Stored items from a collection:
-.-.-

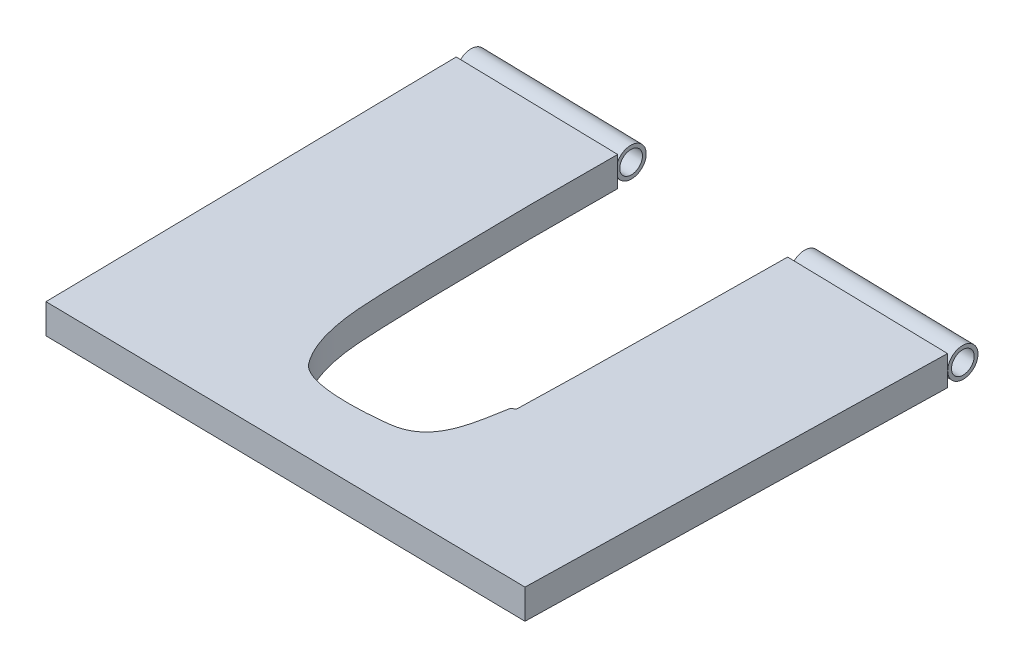
ISO-10303-21;
HEADER;
FILE_DESCRIPTION(('STEP AP214'),'2;1');
FILE_NAME('part.step','',(''),(''),'','','');
FILE_SCHEMA(('AUTOMOTIVE_DESIGN { 1 0 10303 214 1 1 1 1 }'));
ENDSEC;
DATA;
#1=APPLICATION_CONTEXT('core data for automotive mechanical design processes');
#2=APPLICATION_PROTOCOL_DEFINITION('international standard','automotive_design',2000,#1);
#3=PRODUCT_CONTEXT('',#1,'mechanical');
#4=PRODUCT('Part','Part','',(#3));
#5=PRODUCT_RELATED_PRODUCT_CATEGORY('part','',(#4));
#6=PRODUCT_DEFINITION_FORMATION('','',#4);
#7=PRODUCT_DEFINITION_CONTEXT('part definition',#1,'design');
#8=PRODUCT_DEFINITION('design','',#6,#7);
#9=PRODUCT_DEFINITION_SHAPE('','',#8);
#10=(LENGTH_UNIT() NAMED_UNIT(*) SI_UNIT(.MILLI.,.METRE.));
#11=(NAMED_UNIT(*) PLANE_ANGLE_UNIT() SI_UNIT($,.RADIAN.));
#12=(NAMED_UNIT(*) SI_UNIT($,.STERADIAN.) SOLID_ANGLE_UNIT());
#13=UNCERTAINTY_MEASURE_WITH_UNIT(LENGTH_MEASURE(1.E-05),#10,'distance_accuracy_value','');
#14=(GEOMETRIC_REPRESENTATION_CONTEXT(3) GLOBAL_UNCERTAINTY_ASSIGNED_CONTEXT((#13)) GLOBAL_UNIT_ASSIGNED_CONTEXT((#10,
#11,#12)) REPRESENTATION_CONTEXT('',''));
#15=CARTESIAN_POINT('',(0.,0.,0.));
#16=DIRECTION('',(0.,0.,1.));
#17=DIRECTION('',(1.,0.,0.));
#18=AXIS2_PLACEMENT_3D('',#15,#16,#17);
#19=CARTESIAN_POINT('',(37.3754746862016,33.8245708952093,45.8403136870538));
#20=DIRECTION('',(-0.99975317783161,0.,-0.0222167372851469));
#21=DIRECTION('',(0.0167074672385724,0.659138415618701,-0.751836025735759));
#22=AXIS2_PLACEMENT_3D('',#19,#20,#21);
#23=CYLINDRICAL_SURFACE('',#22,0.5);
#24=CARTESIAN_POINT('',(19.6098607161339,33.8245708952093,45.4455222654968));
#25=DIRECTION('',(0.99975317783161,0.,0.0222167372851469));
#26=DIRECTION('',(-0.0167074672385724,-0.659138415618701,0.751836025735759));
#27=AXIS2_PLACEMENT_3D('',#24,#25,#26);
#28=CIRCLE('',#27,0.5);
#29=CARTESIAN_POINT('',(19.6015069825146,33.4950016873999,45.8214402783646));
#30=VERTEX_POINT('',#29);
#31=EDGE_CURVE('P0_E56',#30,#30,#28,.T.);
#32=ORIENTED_EDGE('',*,*,#31,.T.);
#33=EDGE_LOOP('',(#32));
#34=FACE_BOUND('',#33,.T.);
#35=CARTESIAN_POINT('',(25.1249778431293,33.8245708952093,45.5680804238744));
#36=DIRECTION('',(-0.99975317783161,0.,-0.0222167372851479));
#37=DIRECTION('',(-0.0222167372851479,0.,0.99975317783161));
#38=AXIS2_PLACEMENT_3D('',#35,#36,#37);
#39=CIRCLE('',#38,0.5);
#40=CARTESIAN_POINT('',(25.1138694744868,33.8245708952093,46.0679570127902));
#41=VERTEX_POINT('',#40);
#42=EDGE_CURVE('P0_E46',#41,#41,#39,.T.);
#43=ORIENTED_EDGE('',*,*,#42,.T.);
#44=EDGE_LOOP('',(#43));
#45=FACE_BOUND('',#44,.T.);
#46=ADVANCED_FACE('P0_F42',(#34,#45),#23,.T.);
#47=CARTESIAN_POINT('',(37.3754746862016,33.8245708952093,45.8403136870538));
#48=DIRECTION('',(-0.99975317783161,0.,-0.0222167372851469));
#49=DIRECTION('',(0.0167074672385724,0.659138415618701,-0.751836025735759));
#50=AXIS2_PLACEMENT_3D('',#47,#48,#49);
#51=CYLINDRICAL_SURFACE('',#50,0.375);
#52=CARTESIAN_POINT('',(25.1249778431293,33.8245708952093,45.5680804238744));
#53=DIRECTION('',(-0.99975317783161,0.,-0.0222167372851479));
#54=DIRECTION('',(-0.0222167372851479,0.,0.99975317783161));
#55=AXIS2_PLACEMENT_3D('',#52,#53,#54);
#56=CIRCLE('',#55,0.375);
#57=CARTESIAN_POINT('',(25.1166465666474,33.8245708952093,45.9429878655613));
#58=VERTEX_POINT('',#57);
#59=EDGE_CURVE('P0_E11',#58,#58,#56,.T.);
#60=ORIENTED_EDGE('',*,*,#59,.F.);
#61=EDGE_LOOP('',(#60));
#62=FACE_BOUND('',#61,.T.);
#63=CARTESIAN_POINT('',(19.6098607161339,33.8245708952093,45.4455222654968));
#64=DIRECTION('',(0.99975317783161,0.,0.0222167372851469));
#65=DIRECTION('',(-0.0167074672385724,-0.659138415618701,0.751836025735759));
#66=AXIS2_PLACEMENT_3D('',#63,#64,#65);
#67=CIRCLE('',#66,0.375);
#68=CARTESIAN_POINT('',(19.6035954159195,33.5773939893523,45.7274607751477));
#69=VERTEX_POINT('',#68);
#70=EDGE_CURVE('P0_E50',#69,#69,#67,.T.);
#71=ORIENTED_EDGE('',*,*,#70,.F.);
#72=EDGE_LOOP('',(#71));
#73=FACE_BOUND('',#72,.T.);
#74=ADVANCED_FACE('P0_F44',(#62,#73),#51,.F.);
#75=CARTESIAN_POINT('',(19.6098607161339,33.8245708952093,45.4455222654968));
#76=DIRECTION('',(0.99975317783161,0.,0.0222167372851469));
#77=DIRECTION('',(-0.0167074672385724,-0.659138415618701,0.751836025735759));
#78=AXIS2_PLACEMENT_3D('',#75,#76,#77);
#79=PLANE('',#78);
#80=ORIENTED_EDGE('',*,*,#31,.F.);
#81=EDGE_LOOP('',(#80));
#82=FACE_BOUND('',#81,.T.);
#83=ORIENTED_EDGE('',*,*,#70,.T.);
#84=EDGE_LOOP('',(#83));
#85=FACE_BOUND('',#84,.T.);
#86=ADVANCED_FACE('P0_F66',(#82,#85),#79,.F.);
#87=CARTESIAN_POINT('',(25.1138694744868,33.0164708952092,46.0679570127902));
#88=DIRECTION('',(-0.99975317783161,0.,-0.0222167372851479));
#89=DIRECTION('',(-0.0222167372851479,0.,0.99975317783161));
#90=AXIS2_PLACEMENT_3D('',#87,#88,#89);
#91=PLANE('',#90);
#92=ORIENTED_EDGE('',*,*,#59,.T.);
#93=EDGE_LOOP('',(#92));
#94=FACE_BOUND('',#93,.T.);
#95=ORIENTED_EDGE('',*,*,#42,.F.);
#96=EDGE_LOOP('',(#95));
#97=FACE_BOUND('',#96,.T.);
#98=ADVANCED_FACE('P0_F64',(#94,#97),#91,.F.);
#99=CLOSED_SHELL('',(#46,#74,#86,#98));
#100=MANIFOLD_SOLID_BREP('P0_B2',#99);
#101=CARTESIAN_POINT('',(37.3754746862016,33.8245708952093,45.8403136870538));
#102=DIRECTION('',(-0.99975317783161,0.,-0.0222167372851469));
#103=DIRECTION('',(0.0167074672385724,0.659138415618701,-0.751836025735759));
#104=AXIS2_PLACEMENT_3D('',#101,#102,#103);
#105=CYLINDRICAL_SURFACE('',#104,0.5);
#106=CARTESIAN_POINT('',(31.123496910119,33.8245708952093,45.7013808475853));
#107=DIRECTION('',(0.99975317783161,0.,0.0222167372851464));
#108=DIRECTION('',(0.0222167372851464,0.,-0.99975317783161));
#109=AXIS2_PLACEMENT_3D('',#106,#107,#108);
#110=CIRCLE('',#109,0.5);
#111=CARTESIAN_POINT('',(31.1346052787616,33.8245708952093,45.2015042586695));
#112=VERTEX_POINT('',#111);
#113=EDGE_CURVE('P0_E115',#112,#112,#110,.T.);
#114=ORIENTED_EDGE('',*,*,#113,.T.);
#115=EDGE_LOOP('',(#114));
#116=FACE_BOUND('',#115,.T.);
#117=CARTESIAN_POINT('',(36.5755721686186,33.8245708952093,45.822538075552));
#118=DIRECTION('',(-0.99975317783161,0.,-0.0222167372851431));
#119=DIRECTION('',(-0.0222167372851431,0.,0.99975317783161));
#120=AXIS2_PLACEMENT_3D('',#117,#118,#119);
#121=CIRCLE('',#120,0.5);
#122=CARTESIAN_POINT('',(36.564463799976,33.8245708952093,46.3224146644678));
#123=VERTEX_POINT('',#122);
#124=EDGE_CURVE('P0_E41',#123,#123,#121,.T.);
#125=ORIENTED_EDGE('',*,*,#124,.T.);
#126=EDGE_LOOP('',(#125));
#127=FACE_BOUND('',#126,.T.);
#128=ADVANCED_FACE('P0_F103',(#116,#127),#105,.T.);
#129=CARTESIAN_POINT('',(37.5752950912399,0.,0.835006557582962));
#130=DIRECTION('',(-0.99975317783161,0.,-0.0222167372851431));
#131=DIRECTION('',(-0.0222167372851431,0.,0.99975317783161));
#132=AXIS2_PLACEMENT_3D('',#129,#130,#131);
#133=PLANE('',#132);
#134=CARTESIAN_POINT('',(36.5755721686186,33.8245708952093,45.822538075552));
#135=DIRECTION('',(-0.99975317783161,0.,-0.0222167372851431));
#136=DIRECTION('',(-0.0222167372851431,0.,0.99975317783161));
#137=AXIS2_PLACEMENT_3D('',#134,#135,#136);
#138=CIRCLE('',#137,0.375);
#139=CARTESIAN_POINT('',(36.5672408921367,33.8245708952093,46.1974455172388));
#140=VERTEX_POINT('',#139);
#141=EDGE_CURVE('P0_E110',#140,#140,#138,.T.);
#142=ORIENTED_EDGE('',*,*,#141,.T.);
#143=EDGE_LOOP('',(#142));
#144=FACE_BOUND('',#143,.T.);
#145=ORIENTED_EDGE('',*,*,#124,.F.);
#146=EDGE_LOOP('',(#145));
#147=FACE_BOUND('',#146,.T.);
#148=ADVANCED_FACE('P0_F129',(#144,#147),#133,.F.);
#149=CARTESIAN_POINT('',(37.3754746862016,33.8245708952093,45.8403136870538));
#150=DIRECTION('',(-0.99975317783161,0.,-0.0222167372851469));
#151=DIRECTION('',(0.0167074672385724,0.659138415618701,-0.751836025735759));
#152=AXIS2_PLACEMENT_3D('',#149,#150,#151);
#153=CYLINDRICAL_SURFACE('',#152,0.375);
#154=CARTESIAN_POINT('',(31.123496910119,33.8245708952093,45.7013808475853));
#155=DIRECTION('',(0.99975317783161,0.,0.0222167372851464));
#156=DIRECTION('',(0.0222167372851464,0.,-0.99975317783161));
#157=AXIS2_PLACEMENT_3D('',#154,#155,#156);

-.-.-

What is required:
The line containing "#152=AXIS2_PLACEMENT_3D('',#149,#150,#151);" and every line after it, through the end of the records, should be repeated exactly and alone.

Exercise output:
#152=AXIS2_PLACEMENT_3D('',#149,#150,#151);
#153=CYLINDRICAL_SURFACE('',#152,0.375);
#154=CARTESIAN_POINT('',(31.123496910119,33.8245708952093,45.7013808475853));
#155=DIRECTION('',(0.99975317783161,0.,0.0222167372851464));
#156=DIRECTION('',(0.0222167372851464,0.,-0.99975317783161));
#157=AXIS2_PLACEMENT_3D('',#154,#155,#156);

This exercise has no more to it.